■ WHAT THE EXERCISE ASKS
Quote the records exactly, starting at the first line and stopping after the line with "#5=PRODUCT_RELATED_PRODUCT_CATEGORY('part','',(#4));"; skip the pictures.

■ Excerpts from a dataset
╭──

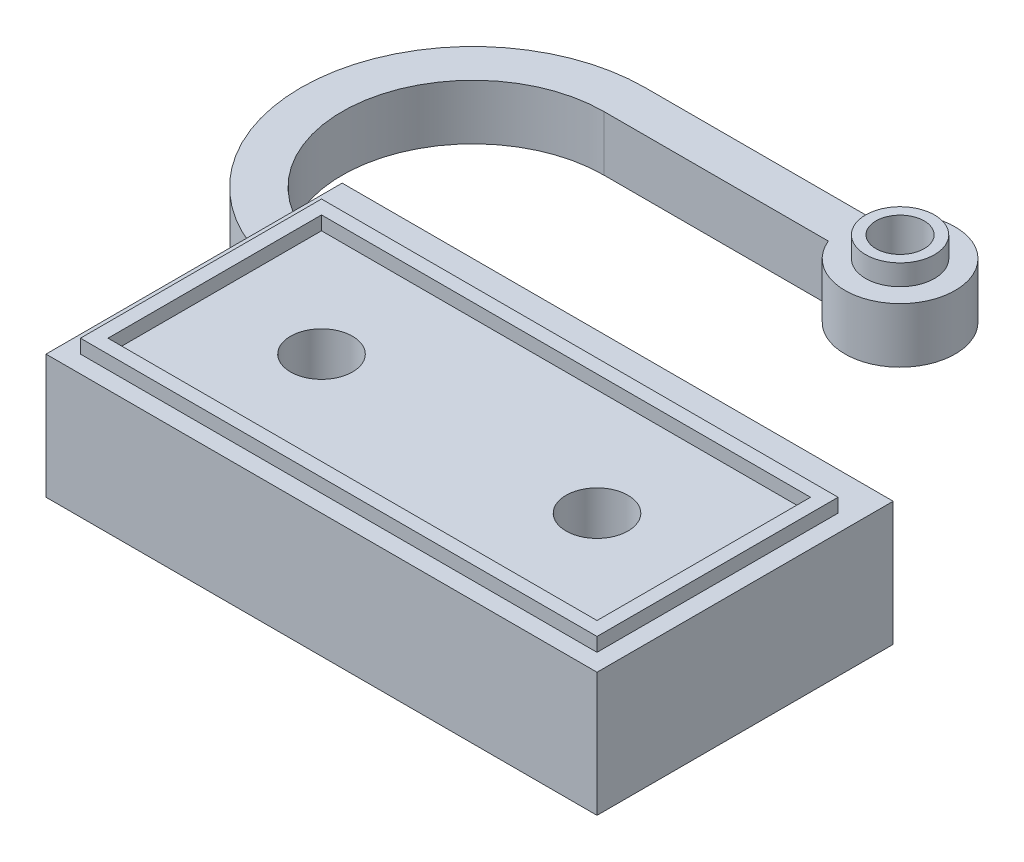
ISO-10303-21;
HEADER;
FILE_DESCRIPTION(('STEP AP214'),'2;1');
FILE_NAME('part.step','',(''),(''),'','','');
FILE_SCHEMA(('AUTOMOTIVE_DESIGN { 1 0 10303 214 1 1 1 1 }'));
ENDSEC;
DATA;
#1=APPLICATION_CONTEXT('core data for automotive mechanical design processes');
#2=APPLICATION_PROTOCOL_DEFINITION('international standard','automotive_design',2000,#1);
#3=PRODUCT_CONTEXT('',#1,'mechanical');
#4=PRODUCT('Part','Part','',(#3));
#5=PRODUCT_RELATED_PRODUCT_CATEGORY('part','',(#4));
#6=PRODUCT_DEFINITION_FORMATION('','',#4);
#7=PRODUCT_DEFINITION_CONTEXT('part definition',#1,'design');
#8=PRODUCT_DEFINITION('design','',#6,#7);
#9=PRODUCT_DEFINITION_SHAPE('','',#8);
#10=(LENGTH_UNIT() NAMED_UNIT(*) SI_UNIT(.MILLI.,.METRE.));
#11=(NAMED_UNIT(*) PLANE_ANGLE_UNIT() SI_UNIT($,.RADIAN.));
#12=(NAMED_UNIT(*) SI_UNIT($,.STERADIAN.) SOLID_ANGLE_UNIT());
#13=UNCERTAINTY_MEASURE_WITH_UNIT(LENGTH_MEASURE(1.E-05),#10,'distance_accuracy_value','');
#14=(GEOMETRIC_REPRESENTATION_CONTEXT(3) GLOBAL_UNCERTAINTY_ASSIGNED_CONTEXT((#13)) GLOBAL_UNIT_ASSIGNED_CONTEXT((#10,
#11,#12)) REPRESENTATION_CONTEXT('',''));
#15=CARTESIAN_POINT('',(0.,0.,0.));
#16=DIRECTION('',(0.,0.,1.));
#17=DIRECTION('',(1.,0.,0.));
#18=AXIS2_PLACEMENT_3D('',#15,#16,#17);
#19=CARTESIAN_POINT('',(0.,9.,0.));
#20=DIRECTION('',(0.,1.,0.));
#21=DIRECTION('',(0.,0.,1.));
#22=AXIS2_PLACEMENT_3D('',#19,#20,#21);
#23=PLANE('',#22);
#24=DIRECTION('',(0.,0.,1.));
#25=VECTOR('',#24,1.);
#26=CARTESIAN_POINT('',(20.,9.,0.));
#27=LINE('',#26,#25);
#28=CARTESIAN_POINT('',(20.,9.,-11.5));
#29=VERTEX_POINT('',#28);
#30=CARTESIAN_POINT('',(20.,9.,10.));
#31=VERTEX_POINT('',#30);
#32=EDGE_CURVE('E306',#29,#31,#27,.T.);
#33=ORIENTED_EDGE('',*,*,#32,.F.);
#34=DIRECTION('',(-1.,0.,0.));
#35=VECTOR('',#34,1.);
#36=CARTESIAN_POINT('',(0.,9.,-11.5));
#37=LINE('',#36,#35);
#38=CARTESIAN_POINT('',(-19.9999999999999,9.,-11.5));
#39=VERTEX_POINT('',#38);
#40=EDGE_CURVE('E309',#29,#39,#37,.T.);
#41=ORIENTED_EDGE('',*,*,#40,.T.);
#42=DIRECTION('',(0.,0.,1.));
#43=VECTOR('',#42,1.);
#44=CARTESIAN_POINT('',(-20.0000000000001,9.,2.98372437868013E-13));
#45=LINE('',#44,#43);
#46=CARTESIAN_POINT('',(-20.,9.,10.));
#47=VERTEX_POINT('',#46);
#48=EDGE_CURVE('E312',#39,#47,#45,.T.);
#49=ORIENTED_EDGE('',*,*,#48,.T.);
#50=DIRECTION('',(1.,0.,0.));
#51=VECTOR('',#50,1.);
#52=CARTESIAN_POINT('',(0.,9.,10.));
#53=LINE('',#52,#51);
#54=EDGE_CURVE('E314',#47,#31,#53,.T.);
#55=ORIENTED_EDGE('',*,*,#54,.T.);
#56=EDGE_LOOP('',(#33,#41,#49,#55));
#57=FACE_BOUND('',#56,.T.);
#58=DIRECTION('',(1.,0.,0.));
#59=VECTOR('',#58,1.);
#60=CARTESIAN_POINT('',(-18.75,9.,8.75));
#61=LINE('',#60,#59);
#62=CARTESIAN_POINT('',(-18.75,9.,8.75));
#63=VERTEX_POINT('',#62);
#64=CARTESIAN_POINT('',(18.75,9.,8.75));
#65=VERTEX_POINT('',#64);
#66=EDGE_CURVE('E74',#63,#65,#61,.T.);
#67=ORIENTED_EDGE('',*,*,#66,.F.);
#68=DIRECTION('',(0.,0.,1.));
#69=VECTOR('',#68,1.);
#70=CARTESIAN_POINT('',(-18.75,9.,-8.75));
#71=LINE('',#70,#69);
#72=CARTESIAN_POINT('',(-18.75,9.,-8.75));
#73=VERTEX_POINT('',#72);
#74=EDGE_CURVE('E200',#73,#63,#71,.T.);
#75=ORIENTED_EDGE('',*,*,#74,.F.);
#76=DIRECTION('',(1.,0.,0.));
#77=VECTOR('',#76,1.);
#78=CARTESIAN_POINT('',(-18.75,9.,-8.75));
#79=LINE('',#78,#77);
#80=CARTESIAN_POINT('',(18.75,9.,-8.75));
#81=VERTEX_POINT('',#80);
#82=EDGE_CURVE('E226',#73,#81,#79,.T.);
#83=ORIENTED_EDGE('',*,*,#82,.T.);
#84=DIRECTION('',(0.,0.,1.));
#85=VECTOR('',#84,1.);
#86=CARTESIAN_POINT('',(18.75,9.,-8.75));
#87=LINE('',#86,#85);
#88=EDGE_CURVE('E79',#81,#65,#87,.T.);
#89=ORIENTED_EDGE('',*,*,#88,.T.);
#90=EDGE_LOOP('',(#67,#75,#83,#89));
#91=FACE_BOUND('',#90,.T.);
#92=ADVANCED_FACE('F59',(#57,#91),#23,.T.);
#93=CARTESIAN_POINT('',(0.,4.,0.));
#94=DIRECTION('',(0.,1.,0.));
#95=DIRECTION('',(0.,0.,1.));
#96=AXIS2_PLACEMENT_3D('',#93,#94,#95);
#97=PLANE('',#96);
#98=DIRECTION('',(1.,0.,0.));
#99=VECTOR('',#98,1.);
#100=CARTESIAN_POINT('',(0.,4.,-30.5));
#101=LINE('',#100,#99);
#102=CARTESIAN_POINT('',(-20.,4.,-30.5));
#103=VERTEX_POINT('',#102);
#104=CARTESIAN_POINT('',(-3.70809924354783,4.,-30.5));
#105=VERTEX_POINT('',#104);
#106=EDGE_CURVE('E259',#103,#105,#101,.T.);
#107=ORIENTED_EDGE('',*,*,#106,.T.);
#108=CARTESIAN_POINT('',(0.,4.,-32.));
#109=DIRECTION('',(0.,1.,0.));
#110=DIRECTION('',(0.,0.,1.));
#111=AXIS2_PLACEMENT_3D('',#108,#109,#110);
#112=CIRCLE('',#111,4.);
#113=CARTESIAN_POINT('',(-3.70809924354783,4.,-33.5));
#114=VERTEX_POINT('',#113);
#115=EDGE_CURVE('E262',#105,#114,#112,.T.);
#116=ORIENTED_EDGE('',*,*,#115,.T.);
#117=DIRECTION('',(-1.,0.,0.));
#118=VECTOR('',#117,1.);
#119=CARTESIAN_POINT('',(0.,4.,-33.5));
#120=LINE('',#119,#118);
#121=CARTESIAN_POINT('',(-20.,4.,-33.5));
#122=VERTEX_POINT('',#121);
#123=EDGE_CURVE('E265',#114,#122,#120,.T.);
#124=ORIENTED_EDGE('',*,*,#123,.T.);
#125=CARTESIAN_POINT('',(-20.,4.,-21.));
#126=DIRECTION('',(0.,1.,0.));
#127=DIRECTION('',(0.,0.,1.));
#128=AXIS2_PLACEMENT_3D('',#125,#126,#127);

╰──

■ SOLUTION TO THIS EXERCISE
ISO-10303-21;
HEADER;
FILE_DESCRIPTION(('STEP AP214'),'2;1');
FILE_NAME('part.step','',(''),(''),'','','');
FILE_SCHEMA(('AUTOMOTIVE_DESIGN { 1 0 10303 214 1 1 1 1 }'));
ENDSEC;
DATA;
#1=APPLICATION_CONTEXT('core data for automotive mechanical design processes');
#2=APPLICATION_PROTOCOL_DEFINITION('international standard','automotive_design',2000,#1);
#3=PRODUCT_CONTEXT('',#1,'mechanical');
#4=PRODUCT('Part','Part','',(#3));
#5=PRODUCT_RELATED_PRODUCT_CATEGORY('part','',(#4));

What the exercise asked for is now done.